Condominio - Previsione nel regolamento della riserva di proprietà di un piano da parte della venditrice del complesso con esclusione dalle tabelle millesimali - Natura contrattuale - Esclusione - Fondamento - Conseguenze - Semplice modificabilità a maggioranza ex art. 1136, comma 2, c.c. - Fattispecie.

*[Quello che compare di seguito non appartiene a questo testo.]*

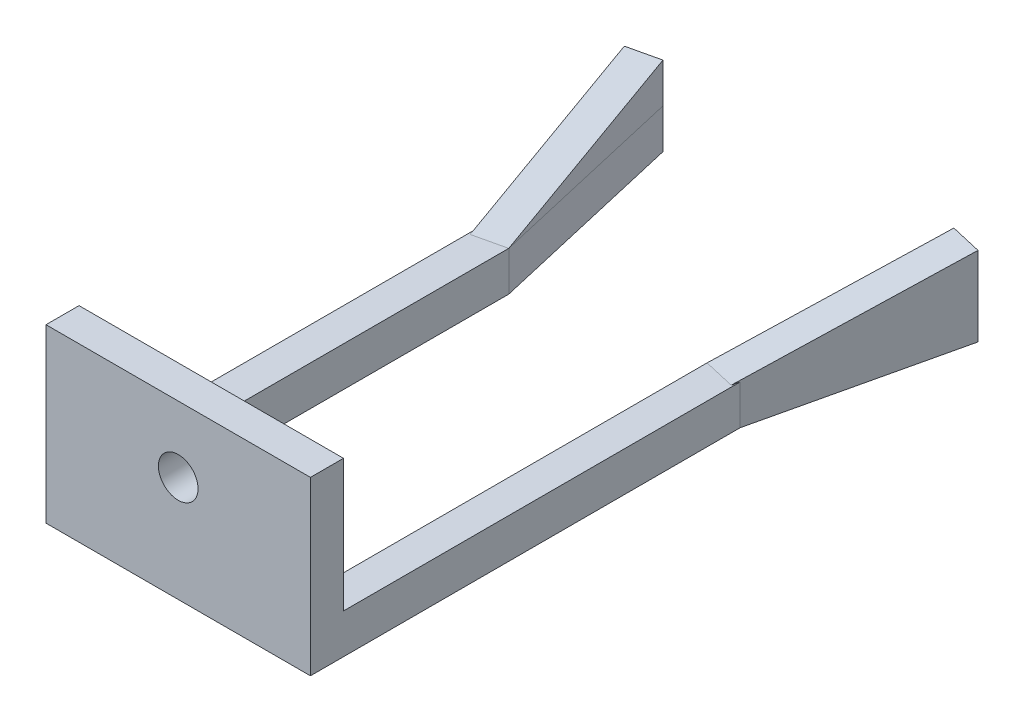
SolidWorks part; units mm, degrees
ref_plane "Front Plane" through (0, 0, 0) normal (0, 0, 1) x (1, 0, 0)
ref_plane "Top Plane" through (0, 0, 0) normal (0, 1, 0) x (1, 0, 0)
ref_plane "Right Plane" through (0, 0, 0) normal (1, 0, 0) x (0, 0, -1)
sketch "Sketch1" plane through (0, 0, 0) normal (0, 1, 0) x (1, 0, 0)
  line L0 (0, -55) -> (0, 55) construction
  line L6 (-10, -2.5) -> (10, -2.5)
  line L12 (7.5, 0) -> (7.5, 30)
  line L15 (-7.5, 0) -> (-7.5, 30)
  line L16 (-7.5, 0) -> (7.5, 0)
  line L17 (-10, 30) -> (-10, -2.5)
  line L18 (10, -2.5) -> (10, 30)
  line L19 (-7.5, 30) -> (-11.0008, 45.1635)
  line L20 (-11.0008, 45.1635) -> (-13.3743, 44.6156)
  line L21 (-13.3743, 44.6156) -> (-10, 30)
  line L22 (11.0008, 45.1635) -> (13.3743, 44.6156)
  line L23 (13.3743, 44.6156) -> (10, 30)
  line L24 (7.5, 30) -> (11.0008, 45.1635)
  point P0 (0, 0)
  point P7 (0, 0)
  point P15 (0, 0)
  point P16 (0, 0)
  point P19 (0, 0)
  point P20 (0, 0)
  point P21 (0, 0)
  point P22 (0, 0)
  point P23 (0, 0)
  point P24 (0, 0)
  dimension "D1" = 15
  dimension "D2" = 2.5
  dimension "D3" = 2.5
  dimension "D4" = 15
  dimension "D5" = 167
  dimension "D6" = 30
extrude "Boss-Extrude1" add sketch "Sketch1" along normal blind 3
sketch "Sketch2" plane through (-0.5449, 0, 0.1258) normal (0.9744, 0, -0.225) x (-0.225, 0, -0.9744)
  line L0 (30.9182, 3) -> (46.4806, 6)
  line L1 (46.4806, 6) -> (46.4806, 3)
  line L2 (30.9182, 3) -> (46.4806, 3) construction
  line L3 (30.9182, 3) -> (46.4806, 3)
  point P5 (46.4806, 5.5172)
  dimension "D1" = 3
extrude "Boss-Extrude2" add sketch "Sketch2" against normal up to surface (2.4359 mm away) separate body up to face at (-11.6871, 1.5, -37.3078)
mirror "Mirror4" about plane through (0, 0, 0) normal (1, 0, 0) of "Boss-Extrude2"
fillet "Fillet1" [suppressed] radius 2
sketch "Sketch3" plane through (0, 3, 0) normal (0, 1, 0) x (1, 0, 0)
  line L0 (10, -2.5) -> (10, 30) construction
  line L1 (-10, -2.5) -> (10, -2.5)
  line L2 (-10, -2.5) -> (-10, 0)
  line L3 (-10, 0) -> (10, 0)
  line L4 (10, -2.5) -> (10, 0)
  line L5 (7.5, 0) -> (-7.5, 0) construction
extrude "Boss-Extrude3" add sketch "Sketch3" along normal blind 10
sketch "Sketch4" plane through (0, 0, 0) normal (0, 0, -1) x (-1, 0, 0)
  line L0 (10, 13) -> (10, 3) construction
  circle A0 centre (0, 8) radius 1.5
  point P4 (10, 8)
  point P5 (-3.6035, 8)
  dimension "D1" = 3
extrude "Cut-Extrude1" cut sketch "Sketch4" against normal through all

In tema di condominio, la previsione, nel regolamento, della riserva di proprietà di un piano da parte della venditrice del complesso, con esclusione dalle tabelle millesimali, non ha natura contrattuale, poiché non si tratta di clausola limitatrice dei diritti dei condomini sulle proprietà esclusive o comuni, o attributiva ad alcuni condomini di maggiori diritti rispetto agli altri; ne consegue che tale clausola può essere modificata mediante una deliberazione adottata con la maggioranza prescritta dall'art. 1136, comma 2, c.c. (Nella specie, la S.C. ha confermato la pronuncia di merito che aveva rigettato la domanda di nullità della deliberazione assembleare di modificazione dei criteri di ripartizione delle spese condominiali ed aveva negato la natura contrattuale del regolamento condominiale che escludeva dal computo dei millesimi e dalle spese l'immobile di cui la venditrice del complesso si era riservata la proprietà).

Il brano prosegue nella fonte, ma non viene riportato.